⚒️Thor, the Norseman⚒️ er en bruker på snabeltann.no. Du kan følge dem eller kommunisere med dem hvis du har en konto hvor som helst i fediverset. Hvis du ikke har en konto så kan du registrere deg her.
⚒️Thor, the Norseman⚒️

It would be handy if there was a way of slurping content off Instagram, Facebook or Tumblr feeds without actually needing to have accounts on there. Some very good artists can only be followed on such sites. Maybe we should infiltrate them with a decentralised swarm of bots that scrape the content for us... It would do much to undermine the network effect, and would also be rather hard for them to counteract.

@thor Tumblr has RSS feeds for external following (though I'm not sure whether that applies when the blog isn't set to public visibility). A glance at suggests it may have truncated posts though.

@thor yeah I would totally contribute accounts and, perhaps, code.

I think the biggest issue is, that these pages are mostly Javascript. Javascript is harder to scrape than static sides (you need to not only execute it but also there might be a lot of XHR, ajax or other stuff)
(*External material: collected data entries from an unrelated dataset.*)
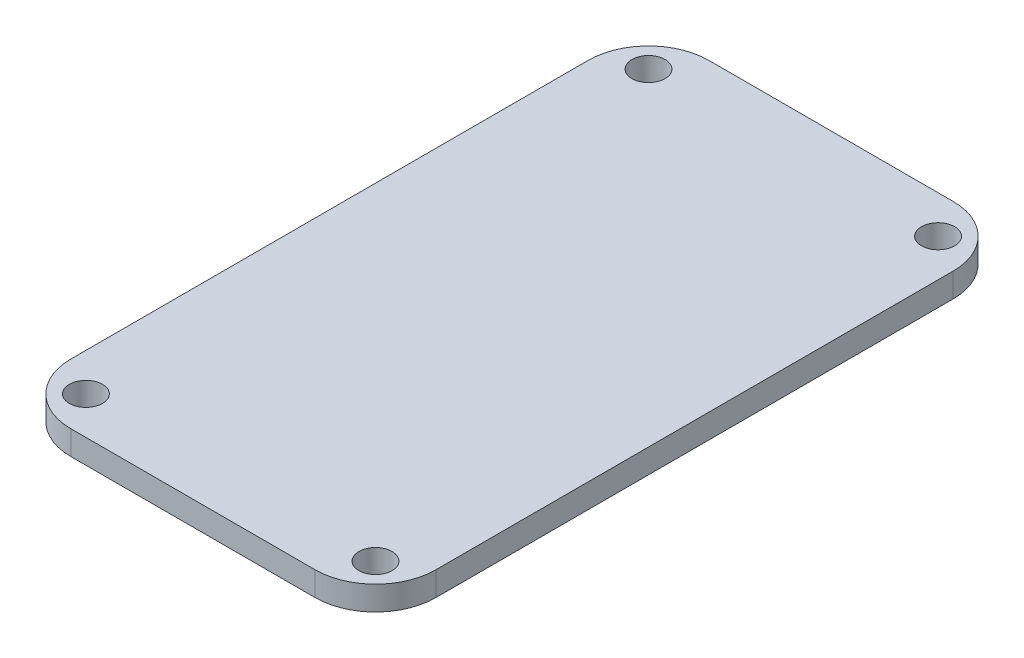
ISO-10303-21;
HEADER;
FILE_DESCRIPTION(('STEP AP214'),'2;1');
FILE_NAME('part.step','',(''),(''),'','','');
FILE_SCHEMA(('AUTOMOTIVE_DESIGN { 1 0 10303 214 1 1 1 1 }'));
ENDSEC;
DATA;
#1=APPLICATION_CONTEXT('core data for automotive mechanical design processes');
#2=APPLICATION_PROTOCOL_DEFINITION('international standard','automotive_design',2000,#1);
#3=PRODUCT_CONTEXT('',#1,'mechanical');
#4=PRODUCT('Part','Part','',(#3));
#5=PRODUCT_RELATED_PRODUCT_CATEGORY('part','',(#4));
#6=PRODUCT_DEFINITION_FORMATION('','',#4);
#7=PRODUCT_DEFINITION_CONTEXT('part definition',#1,'design');
#8=PRODUCT_DEFINITION('design','',#6,#7);
#9=PRODUCT_DEFINITION_SHAPE('','',#8);
#10=(LENGTH_UNIT() NAMED_UNIT(*) SI_UNIT(.MILLI.,.METRE.));
#11=(NAMED_UNIT(*) PLANE_ANGLE_UNIT() SI_UNIT($,.RADIAN.));
#12=(NAMED_UNIT(*) SI_UNIT($,.STERADIAN.) SOLID_ANGLE_UNIT());
#13=UNCERTAINTY_MEASURE_WITH_UNIT(LENGTH_MEASURE(1.E-05),#10,'distance_accuracy_value','');
#14=(GEOMETRIC_REPRESENTATION_CONTEXT(3) GLOBAL_UNCERTAINTY_ASSIGNED_CONTEXT((#13)) GLOBAL_UNIT_ASSIGNED_CONTEXT((#10,
#11,#12)) REPRESENTATION_CONTEXT('',''));
#15=CARTESIAN_POINT('',(0.,0.,0.));
#16=DIRECTION('',(0.,0.,1.));
#17=DIRECTION('',(1.,0.,0.));
#18=AXIS2_PLACEMENT_3D('',#15,#16,#17);
#19=CARTESIAN_POINT('',(12.1,1.6,21.15));
#20=DIRECTION('',(-1.,0.,0.));
#21=DIRECTION('',(0.,0.,1.));
#22=AXIS2_PLACEMENT_3D('',#19,#20,#21);
#23=PLANE('',#22);
#24=DIRECTION('',(0.,0.,-1.));
#25=VECTOR('',#24,1.);
#26=CARTESIAN_POINT('',(12.1,0.,21.15));
#27=LINE('',#26,#25);
#28=CARTESIAN_POINT('',(12.1,0.,17.15));
#29=VERTEX_POINT('',#28);
#30=CARTESIAN_POINT('',(12.1,0.,-17.15));
#31=VERTEX_POINT('',#30);
#32=EDGE_CURVE('E165',#29,#31,#27,.T.);
#33=ORIENTED_EDGE('',*,*,#32,.T.);
#34=DIRECTION('',(0.,-1.,0.));
#35=VECTOR('',#34,1.);
#36=CARTESIAN_POINT('',(12.1,1.6,-17.15));
#37=LINE('',#36,#35);
#38=CARTESIAN_POINT('',(12.1,1.6,-17.15));
#39=VERTEX_POINT('',#38);
#40=EDGE_CURVE('E11',#31,#39,#37,.F.);
#41=ORIENTED_EDGE('',*,*,#40,.T.);
#42=DIRECTION('',(0.,0.,-1.));
#43=VECTOR('',#42,1.);
#44=CARTESIAN_POINT('',(12.1,1.6,21.15));
#45=LINE('',#44,#43);
#46=CARTESIAN_POINT('',(12.1,1.6,17.15));
#47=VERTEX_POINT('',#46);
#48=EDGE_CURVE('E133',#47,#39,#45,.T.);
#49=ORIENTED_EDGE('',*,*,#48,.F.);
#50=DIRECTION('',(0.,-1.,0.));
#51=VECTOR('',#50,1.);
#52=CARTESIAN_POINT('',(12.1,1.6,17.15));
#53=LINE('',#52,#51);
#54=EDGE_CURVE('E49',#47,#29,#53,.T.);
#55=ORIENTED_EDGE('',*,*,#54,.T.);
#56=EDGE_LOOP('',(#33,#41,#49,#55));
#57=FACE_BOUND('',#56,.T.);
#58=ADVANCED_FACE('F41',(#57),#23,.F.);
#59=CARTESIAN_POINT('',(-12.1,1.6,-21.15));
#60=DIRECTION('',(0.,0.,1.));
#61=DIRECTION('',(1.,0.,0.));
#62=AXIS2_PLACEMENT_3D('',#59,#60,#61);
#63=PLANE('',#62);
#64=DIRECTION('',(-1.,0.,0.));
#65=VECTOR('',#64,1.);
#66=CARTESIAN_POINT('',(-12.1,0.,-21.15));
#67=LINE('',#66,#65);
#68=CARTESIAN_POINT('',(8.1,0.,-21.15));
#69=VERTEX_POINT('',#68);
#70=CARTESIAN_POINT('',(-8.1,0.,-21.15));
#71=VERTEX_POINT('',#70);
#72=EDGE_CURVE('E138',#69,#71,#67,.T.);
#73=ORIENTED_EDGE('',*,*,#72,.T.);
#74=DIRECTION('',(0.,-1.,0.));
#75=VECTOR('',#74,1.);
#76=CARTESIAN_POINT('',(-8.1,1.6,-21.15));
#77=LINE('',#76,#75);
#78=CARTESIAN_POINT('',(-8.1,1.6,-21.15));
#79=VERTEX_POINT('',#78);
#80=EDGE_CURVE('E56',#71,#79,#77,.F.);
#81=ORIENTED_EDGE('',*,*,#80,.T.);
#82=DIRECTION('',(-1.,0.,0.));
#83=VECTOR('',#82,1.);
#84=CARTESIAN_POINT('',(-12.1,1.6,-21.15));
#85=LINE('',#84,#83);
#86=CARTESIAN_POINT('',(8.1,1.6,-21.15));
#87=VERTEX_POINT('',#86);
#88=EDGE_CURVE('E136',#87,#79,#85,.T.);
#89=ORIENTED_EDGE('',*,*,#88,.F.);
#90=DIRECTION('',(0.,-1.,0.));
#91=VECTOR('',#90,1.);
#92=CARTESIAN_POINT('',(8.1,1.6,-21.15));
#93=LINE('',#92,#91);
#94=EDGE_CURVE('E157',#87,#69,#93,.T.);
#95=ORIENTED_EDGE('',*,*,#94,.T.);
#96=EDGE_LOOP('',(#73,#81,#89,#95));
#97=FACE_BOUND('',#96,.T.);
#98=ADVANCED_FACE('F225',(#97),#63,.F.);
#99=CARTESIAN_POINT('',(-12.1,1.6,21.15));
#100=DIRECTION('',(1.,0.,0.));
#101=DIRECTION('',(0.,0.,-1.));
#102=AXIS2_PLACEMENT_3D('',#99,#100,#101);
#103=PLANE('',#102);
#104=DIRECTION('',(0.,0.,1.));
#105=VECTOR('',#104,1.);
#106=CARTESIAN_POINT('',(-12.1,0.,21.15));
#107=LINE('',#106,#105);
#108=CARTESIAN_POINT('',(-12.1,0.,-17.15));
#109=VERTEX_POINT('',#108);
#110=CARTESIAN_POINT('',(-12.1,0.,17.15));
#111=VERTEX_POINT('',#110);
#112=EDGE_CURVE('E134',#109,#111,#107,.T.);
#113=ORIENTED_EDGE('',*,*,#112,.T.);
#114=DIRECTION('',(0.,-1.,0.));
#115=VECTOR('',#114,1.);
#116=CARTESIAN_POINT('',(-12.1,1.6,17.15));
#117=LINE('',#116,#115);
#118=CARTESIAN_POINT('',(-12.1,1.6,17.15));
#119=VERTEX_POINT('',#118);
#120=EDGE_CURVE('E112',#111,#119,#117,.F.);
#121=ORIENTED_EDGE('',*,*,#120,.T.);
#122=DIRECTION('',(0.,0.,1.));
#123=VECTOR('',#122,1.);
#124=CARTESIAN_POINT('',(-12.1,1.6,21.15));
#125=LINE('',#124,#123);
#126=CARTESIAN_POINT('',(-12.1,1.6,-17.15));
#127=VERTEX_POINT('',#126);
#128=EDGE_CURVE('E177',#127,#119,#125,.T.);
#129=ORIENTED_EDGE('',*,*,#128,.F.);
#130=DIRECTION('',(0.,-1.,0.));
#131=VECTOR('',#130,1.);
#132=CARTESIAN_POINT('',(-12.1,1.6,-17.15));
#133=LINE('',#132,#131);
#134=EDGE_CURVE('E117',#127,#109,#133,.T.);
#135=ORIENTED_EDGE('',*,*,#134,.T.);
#136=EDGE_LOOP('',(#113,#121,#129,#135));
#137=FACE_BOUND('',#136,.T.);
#138=ADVANCED_FACE('F222',(#137),#103,.F.);
#139=CARTESIAN_POINT('',(-12.1,1.6,21.15));
#140=DIRECTION('',(0.,0.,-1.));
#141=DIRECTION('',(-1.,0.,0.));
#142=AXIS2_PLACEMENT_3D('',#139,#140,#141);
#143=PLANE('',#142);
#144=DIRECTION('',(1.,0.,0.));
#145=VECTOR('',#144,1.);
#146=CARTESIAN_POINT('',(-12.1,1.6,21.15));
#147=LINE('',#146,#145);
#148=CARTESIAN_POINT('',(-8.1,1.6,21.15));
#149=VERTEX_POINT('',#148);
#150=CARTESIAN_POINT('',(8.1,1.6,21.15));
#151=VERTEX_POINT('',#150);
#152=EDGE_CURVE('E127',#149,#151,#147,.T.);
#153=ORIENTED_EDGE('',*,*,#152,.F.);
#154=DIRECTION('',(0.,-1.,0.));
#155=VECTOR('',#154,1.);
#156=CARTESIAN_POINT('',(-8.1,1.6,21.15));
#157=LINE('',#156,#155);
#158=CARTESIAN_POINT('',(-8.1,0.,21.15));
#159=VERTEX_POINT('',#158);
#160=EDGE_CURVE('E111',#149,#159,#157,.T.);
#161=ORIENTED_EDGE('',*,*,#160,.T.);
#162=DIRECTION('',(1.,0.,0.));
#163=VECTOR('',#162,1.);
#164=CARTESIAN_POINT('',(-12.1,0.,21.15));
#165=LINE('',#164,#163);
#166=CARTESIAN_POINT('',(8.1,0.,21.15));
#167=VERTEX_POINT('',#166);
#168=EDGE_CURVE('E124',#159,#167,#165,.T.);
#169=ORIENTED_EDGE('',*,*,#168,.T.);
#170=DIRECTION('',(0.,-1.,0.));
#171=VECTOR('',#170,1.);
#172=CARTESIAN_POINT('',(8.1,1.6,21.15));
#173=LINE('',#172,#171);
#174=EDGE_CURVE('E129',#167,#151,#173,.F.);
#175=ORIENTED_EDGE('',*,*,#174,.T.);
#176=EDGE_LOOP('',(#153,#161,#169,#175));
#177=FACE_BOUND('',#176,.T.);
#178=ADVANCED_FACE('F123',(#177),#143,.F.);
#179=CARTESIAN_POINT('',(0.,1.6,0.));
#180=DIRECTION('',(0.,-1.,0.));
#181=DIRECTION('',(0.,0.,-1.));
#182=AXIS2_PLACEMENT_3D('',#179,#180,#181);
#183=PLANE('',#182);
#184=CARTESIAN_POINT('',(-9.60000000000001,1.6,18.65));
#185=DIRECTION('',(0.,-1.,0.));
#186=DIRECTION('',(0.,0.,-1.));
#187=AXIS2_PLACEMENT_3D('',#184,#185,#186);
#188=CIRCLE('',#187,1.1);
#189=CARTESIAN_POINT('',(-9.60000000000001,1.6,17.55));
#190=VERTEX_POINT('',#189);
#191=EDGE_CURVE('E170',#190,#190,#188,.T.);
#192=ORIENTED_EDGE('',*,*,#191,.T.);
#193=EDGE_LOOP('',(#192));
#194=FACE_BOUND('',#193,.T.);
#195=CARTESIAN_POINT('',(9.60000000000002,1.6,18.65));
#196=DIRECTION('',(0.,-1.,0.));
#197=DIRECTION('',(0.,0.,-1.));
#198=AXIS2_PLACEMENT_3D('',#195,#196,#197);
#199=CIRCLE('',#198,1.1);
#200=CARTESIAN_POINT('',(9.60000000000002,1.6,17.55));
#201=VERTEX_POINT('',#200);
#202=EDGE_CURVE('E173',#201,#201,#199,.T.);
#203=ORIENTED_EDGE('',*,*,#202,.T.);
#204=EDGE_LOOP('',(#203));
#205=FACE_BOUND('',#204,.T.);
#206=CARTESIAN_POINT('',(9.60000000000002,1.6,-18.65));
#207=DIRECTION('',(0.,-1.,0.));
#208=DIRECTION('',(0.,0.,-1.));
#209=AXIS2_PLACEMENT_3D('',#206,#207,#208);
#210=CIRCLE('',#209,1.1);
#211=CARTESIAN_POINT('',(9.60000000000002,1.6,-19.75));
#212=VERTEX_POINT('',#211);
#213=EDGE_CURVE('E183',#212,#212,#210,.T.);
#214=ORIENTED_EDGE('',*,*,#213,.T.);
#215=EDGE_LOOP('',(#214));
#216=FACE_BOUND('',#215,.T.);
#217=CARTESIAN_POINT('',(-9.60000000000002,1.6,-18.65));
#218=DIRECTION('',(0.,-1.,0.));
#219=DIRECTION('',(0.,0.,-1.));
#220=AXIS2_PLACEMENT_3D('',#217,#218,#219);
#221=CIRCLE('',#220,1.1);
#222=CARTESIAN_POINT('',(-9.60000000000002,1.6,-19.75));
#223=VERTEX_POINT('',#222);
#224=EDGE_CURVE('E186',#223,#223,#221,.T.);
#225=ORIENTED_EDGE('',*,*,#224,.T.);
#226=EDGE_LOOP('',(#225));
#227=FACE_BOUND('',#226,.T.);
#228=ORIENTED_EDGE('',*,*,#128,.T.);
#229=CARTESIAN_POINT('',(-8.1,1.6,17.15));
#230=DIRECTION('',(0.,-1.,0.));
#231=DIRECTION('',(0.,0.,-1.));
#232=AXIS2_PLACEMENT_3D('',#229,#230,#231);
#233=CIRCLE('',#232,4.);
#234=EDGE_CURVE('E155',#119,#149,#233,.F.);
#235=ORIENTED_EDGE('',*,*,#234,.T.);
#236=ORIENTED_EDGE('',*,*,#152,.T.);
#237=CARTESIAN_POINT('',(8.1,1.6,17.15));
#238=DIRECTION('',(0.,-1.,0.));
#239=DIRECTION('',(0.,0.,-1.));
#240=AXIS2_PLACEMENT_3D('',#237,#238,#239);
#241=CIRCLE('',#240,4.);
#242=EDGE_CURVE('E150',#151,#47,#241,.F.);
#243=ORIENTED_EDGE('',*,*,#242,.T.);
#244=ORIENTED_EDGE('',*,*,#48,.T.);
#245=CARTESIAN_POINT('',(8.1,1.6,-17.15));
#246=DIRECTION('',(0.,-1.,0.));
#247=DIRECTION('',(0.,0.,-1.));
#248=AXIS2_PLACEMENT_3D('',#245,#246,#247);
#249=CIRCLE('',#248,4.);
#250=EDGE_CURVE('E63',#39,#87,#249,.F.);
#251=ORIENTED_EDGE('',*,*,#250,.T.);
#252=ORIENTED_EDGE('',*,*,#88,.T.);
#253=CARTESIAN_POINT('',(-8.1,1.6,-17.15));
#254=DIRECTION('',(0.,-1.,0.));
#255=DIRECTION('',(0.,0.,-1.));
#256=AXIS2_PLACEMENT_3D('',#253,#254,#255);
#257=CIRCLE('',#256,4.);
#258=EDGE_CURVE('E153',#79,#127,#257,.F.);
#259=ORIENTED_EDGE('',*,*,#258,.T.);
#260=EDGE_LOOP('',(#228,#235,#236,#243,#244,#251,#252,#259));
#261=FACE_BOUND('',#260,.T.);
#262=ADVANCED_FACE('F212',(#194,#205,#216,#227,#261),#183,.F.);
#263=CARTESIAN_POINT('',(0.,0.,0.));
#264=DIRECTION('',(0.,-1.,0.));
#265=DIRECTION('',(0.,0.,-1.));
#266=AXIS2_PLACEMENT_3D('',#263,#264,#265);
#267=PLANE('',#266);
#268=CARTESIAN_POINT('',(-9.60000000000001,0.,18.65));
#269=DIRECTION('',(0.,1.,0.));
#270=DIRECTION('',(0.,0.,1.));
#271=AXIS2_PLACEMENT_3D('',#268,#269,#270);
#272=CIRCLE('',#271,1.1);
#273=CARTESIAN_POINT('',(-9.60000000000001,0.,19.75));
#274=VERTEX_POINT('',#273);
#275=EDGE_CURVE('E193',#274,#274,#272,.T.);
#276=ORIENTED_EDGE('',*,*,#275,.T.);
#277=EDGE_LOOP('',(#276));
#278=FACE_BOUND('',#277,.T.);
#279=CARTESIAN_POINT('',(9.60000000000002,0.,18.65));
#280=DIRECTION('',(0.,1.,0.));
#281=DIRECTION('',(0.,0.,1.));
#282=AXIS2_PLACEMENT_3D('',#279,#280,#281);
#283=CIRCLE('',#282,1.1);
#284=CARTESIAN_POINT('',(9.60000000000002,0.,19.75));
#285=VERTEX_POINT('',#284);
#286=EDGE_CURVE('E196',#285,#285,#283,.T.);
#287=ORIENTED_EDGE('',*,*,#286,.T.);
#288=EDGE_LOOP('',(#287));
#289=FACE_BOUND('',#288,.T.);
#290=CARTESIAN_POINT('',(9.60000000000002,0.,-18.65));
#291=DIRECTION('',(0.,1.,0.));
#292=DIRECTION('',(0.,0.,1.));
#293=AXIS2_PLACEMENT_3D('',#290,#291,#292);
#294=CIRCLE('',#293,1.1);
#295=CARTESIAN_POINT('',(9.60000000000002,0.,-17.55));
#296=VERTEX_POINT('',#295);
#297=EDGE_CURVE('E192',#296,#296,#294,.T.);
#298=ORIENTED_EDGE('',*,*,#297,.T.);
#299=EDGE_LOOP('',(#298));
#300=FACE_BOUND('',#299,.T.);
#301=CARTESIAN_POINT('',(-9.60000000000002,0.,-18.65));
#302=DIRECTION('',(0.,1.,0.));
#303=DIRECTION('',(0.,0.,1.));
#304=AXIS2_PLACEMENT_3D('',#301,#302,#303);
#305=CIRCLE('',#304,1.1);
#306=CARTESIAN_POINT('',(-9.60000000000002,0.,-17.55));
#307=VERTEX_POINT('',#306);
#308=EDGE_CURVE('E189',#307,#307,#305,.T.);
#309=ORIENTED_EDGE('',*,*,#308,.T.);
#310=EDGE_LOOP('',(#309));
#311=FACE_BOUND('',#310,.T.);
#312=ORIENTED_EDGE('',*,*,#168,.F.);
#313=CARTESIAN_POINT('',(-8.1,0.,17.15));
#314=DIRECTION('',(0.,-1.,0.));
#315=DIRECTION('',(0.,0.,-1.));
#316=AXIS2_PLACEMENT_3D('',#313,#314,#315);
#317=CIRCLE('',#316,4.);
#318=EDGE_CURVE('E107',#159,#111,#317,.T.);
#319=ORIENTED_EDGE('',*,*,#318,.T.);
#320=ORIENTED_EDGE('',*,*,#112,.F.);
#321=CARTESIAN_POINT('',(-8.1,0.,-17.15));
#322=DIRECTION('',(0.,-1.,0.));
#323=DIRECTION('',(0.,0.,-1.));
#324=AXIS2_PLACEMENT_3D('',#321,#322,#323);
#325=CIRCLE('',#324,4.);
#326=EDGE_CURVE('E118',#109,#71,#325,.T.);
#327=ORIENTED_EDGE('',*,*,#326,.T.);
#328=ORIENTED_EDGE('',*,*,#72,.F.);
#329=CARTESIAN_POINT('',(8.1,0.,-17.15));
#330=DIRECTION('',(0.,-1.,0.));
#331=DIRECTION('',(0.,0.,-1.));
#332=AXIS2_PLACEMENT_3D('',#329,#330,#331);
#333=CIRCLE('',#332,4.);
#334=EDGE_CURVE('E144',#69,#31,#333,.T.);
#335=ORIENTED_EDGE('',*,*,#334,.T.);
#336=ORIENTED_EDGE('',*,*,#32,.F.);
#337=CARTESIAN_POINT('',(8.1,0.,17.15));
#338=DIRECTION('',(0.,-1.,0.));
#339=DIRECTION('',(0.,0.,-1.));
#340=AXIS2_PLACEMENT_3D('',#337,#338,#339);
#341=CIRCLE('',#340,4.);
#342=EDGE_CURVE('E128',#29,#167,#341,.T.);
#343=ORIENTED_EDGE('',*,*,#342,.T.);
#344=EDGE_LOOP('',(#312,#319,#320,#327,#328,#335,#336,#343));
#345=FACE_BOUND('',#344,.T.);
#346=ADVANCED_FACE('F131',(#278,#289,#300,#311,#345),#267,.T.);
#347=CARTESIAN_POINT('',(-8.1,1.6,17.15));
#348=DIRECTION('',(0.,-1.,0.));
#349=DIRECTION('',(0.,0.,-1.));
#350=AXIS2_PLACEMENT_3D('',#347,#348,#349);
#351=CYLINDRICAL_SURFACE('',#350,4.);
#352=ORIENTED_EDGE('',*,*,#234,.F.);
#353=ORIENTED_EDGE('',*,*,#120,.F.);
#354=ORIENTED_EDGE('',*,*,#318,.F.);
#355=ORIENTED_EDGE('',*,*,#160,.F.);
#356=EDGE_LOOP('',(#352,#353,#354,#355));
#357=FACE_BOUND('',#356,.T.);
#358=ADVANCED_FACE('F110',(#357),#351,.T.);
#359=CARTESIAN_POINT('',(-8.1,1.6,-17.15));
#360=DIRECTION('',(0.,-1.,0.));
#361=DIRECTION('',(0.,0.,-1.));
#362=AXIS2_PLACEMENT_3D('',#359,#360,#361);
#363=CYLINDRICAL_SURFACE('',#362,4.);
#364=ORIENTED_EDGE('',*,*,#258,.F.);
#365=ORIENTED_EDGE('',*,*,#80,.F.);
#366=ORIENTED_EDGE('',*,*,#326,.F.);
#367=ORIENTED_EDGE('',*,*,#134,.F.);
#368=EDGE_LOOP('',(#364,#365,#366,#367));
#369=FACE_BOUND('',#368,.T.);
#370=ADVANCED_FACE('F224',(#369),#363,.T.);
#371=CARTESIAN_POINT('',(8.1,1.6,-17.15));
#372=DIRECTION('',(0.,-1.,0.));
#373=DIRECTION('',(0.,0.,-1.));
#374=AXIS2_PLACEMENT_3D('',#371,#372,#373);
#375=CYLINDRICAL_SURFACE('',#374,4.);
#376=ORIENTED_EDGE('',*,*,#250,.F.);
#377=ORIENTED_EDGE('',*,*,#40,.F.);
#378=ORIENTED_EDGE('',*,*,#334,.F.);
#379=ORIENTED_EDGE('',*,*,#94,.F.);
#380=EDGE_LOOP('',(#376,#377,#378,#379));
#381=FACE_BOUND('',#380,.T.);
#382=ADVANCED_FACE('F228',(#381),#375,.T.);
#383=CARTESIAN_POINT('',(8.1,1.6,17.15));
#384=DIRECTION('',(0.,-1.,0.));
#385=DIRECTION('',(0.,0.,-1.));
#386=AXIS2_PLACEMENT_3D('',#383,#384,#385);
#387=CYLINDRICAL_SURFACE('',#386,4.);
#388=ORIENTED_EDGE('',*,*,#242,.F.);
#389=ORIENTED_EDGE('',*,*,#174,.F.);
#390=ORIENTED_EDGE('',*,*,#342,.F.);
#391=ORIENTED_EDGE('',*,*,#54,.F.);
#392=EDGE_LOOP('',(#388,#389,#390,#391));
#393=FACE_BOUND('',#392,.T.);
#394=ADVANCED_FACE('F43',(#393),#387,.T.);
#395=CARTESIAN_POINT('',(-9.60000000000002,0.,-18.65));
#396=DIRECTION('',(0.,1.,0.));
#397=DIRECTION('',(0.,0.,1.));
#398=AXIS2_PLACEMENT_3D('',#395,#396,#397);
#399=CYLINDRICAL_SURFACE('',#398,1.1);
#400=ORIENTED_EDGE('',*,*,#308,.F.);
#401=EDGE_LOOP('',(#400));
#402=FACE_BOUND('',#401,.T.);
#403=ORIENTED_EDGE('',*,*,#224,.F.);
#404=EDGE_LOOP('',(#403));
#405=FACE_BOUND('',#404,.T.);
#406=ADVANCED_FACE('F208',(#402,#405),#399,.F.);
#407=CARTESIAN_POINT('',(9.60000000000002,0.,-18.65));
#408=DIRECTION('',(0.,1.,0.));
#409=DIRECTION('',(0.,0.,1.));
#410=AXIS2_PLACEMENT_3D('',#407,#408,#409);
#411=CYLINDRICAL_SURFACE('',#410,1.1);
#412=ORIENTED_EDGE('',*,*,#297,.F.);
#413=EDGE_LOOP('',(#412));
#414=FACE_BOUND('',#413,.T.);
#415=ORIENTED_EDGE('',*,*,#213,.F.);
#416=EDGE_LOOP('',(#415));
#417=FACE_BOUND('',#416,.T.);
#418=ADVANCED_FACE('F204',(#414,#417),#411,.F.);
#419=CARTESIAN_POINT('',(9.60000000000002,0.,18.65));
#420=DIRECTION('',(0.,1.,0.));
#421=DIRECTION('',(0.,0.,1.));
#422=AXIS2_PLACEMENT_3D('',#419,#420,#421);
#423=CYLINDRICAL_SURFACE('',#422,1.1);
#424=ORIENTED_EDGE('',*,*,#286,.F.);
#425=EDGE_LOOP('',(#424));
#426=FACE_BOUND('',#425,.T.);
#427=ORIENTED_EDGE('',*,*,#202,.F.);
#428=EDGE_LOOP('',(#427));
#429=FACE_BOUND('',#428,.T.);
#430=ADVANCED_FACE('F207',(#426,#429),#423,.F.);
#431=CARTESIAN_POINT('',(-9.60000000000001,0.,18.65));
#432=DIRECTION('',(0.,1.,0.));
#433=DIRECTION('',(0.,0.,1.));
#434=AXIS2_PLACEMENT_3D('',#431,#432,#433);
#435=CYLINDRICAL_SURFACE('',#434,1.1);
#436=ORIENTED_EDGE('',*,*,#275,.F.);
#437=EDGE_LOOP('',(#436));
#438=FACE_BOUND('',#437,.T.);
#439=ORIENTED_EDGE('',*,*,#191,.F.);
#440=EDGE_LOOP('',(#439));
#441=FACE_BOUND('',#440,.T.);
#442=ADVANCED_FACE('F284',(#438,#441),#435,.F.);
#443=CLOSED_SHELL('',(#58,#98,#138,#178,#262,#346,#358,#370,#382,#394,#406,#418,#430,#442));
#444=MANIFOLD_SOLID_BREP('B2',#443);
#445=ADVANCED_BREP_SHAPE_REPRESENTATION('',(#18,#444),#14);
#446=SHAPE_DEFINITION_REPRESENTATION(#9,#445);
ENDSEC;
END-ISO-10303-21;

@saxnot The path of least resistance is probably to use their APIs and various open source API libraries where possible. One would only resort to literal screen scraping if they start shutting down their APIs. Getting API keys isn't exactly hard. If they start fighting it, the battle will never end. New bots and API keys cropping up faster than they can shut them down, and no single point of origin. Like trying to kill a swarm of mosquitoes in a crowd of people.

@saxnot If this swarm of bots isn't run by anyone in particular, and works a bit like Tor exit nodes...

@saxnot Think Tor exit nodes but they log into and crawl social networks on behalf of anonymous people.

@thor twitter harshly limits their API but not the website. Thus scraping is inefficent, but still faster.

@thor idk how others deal with it (instagram and stuff)

@thor

automated slurping might be harder, but for small amount of content/certain pages its possible to use Ublock Origin to remove login nag screen and then cut and paste:

>FOSTER HOME NEEDED FOR MAMA & PUPPIES

Lovely momma dog + her 9 cute pups need a temporary home asap! Do you have a safe, clean space where they can live while puppies grow up and are old enough to be rehomed?

Location: 70, Jalan Seri Utara 1, Taman Wahyu, KL

Please contact Ravin:

Please SHARE this post!

@thor I swiped that straight from the page of SPCA Selangor, a suburb of Kuala Lumpur Malaysia, and I've never had a FB account in my life..

(the doggo and puppers might already have been rehomed, an Indian family has offered to foster them!)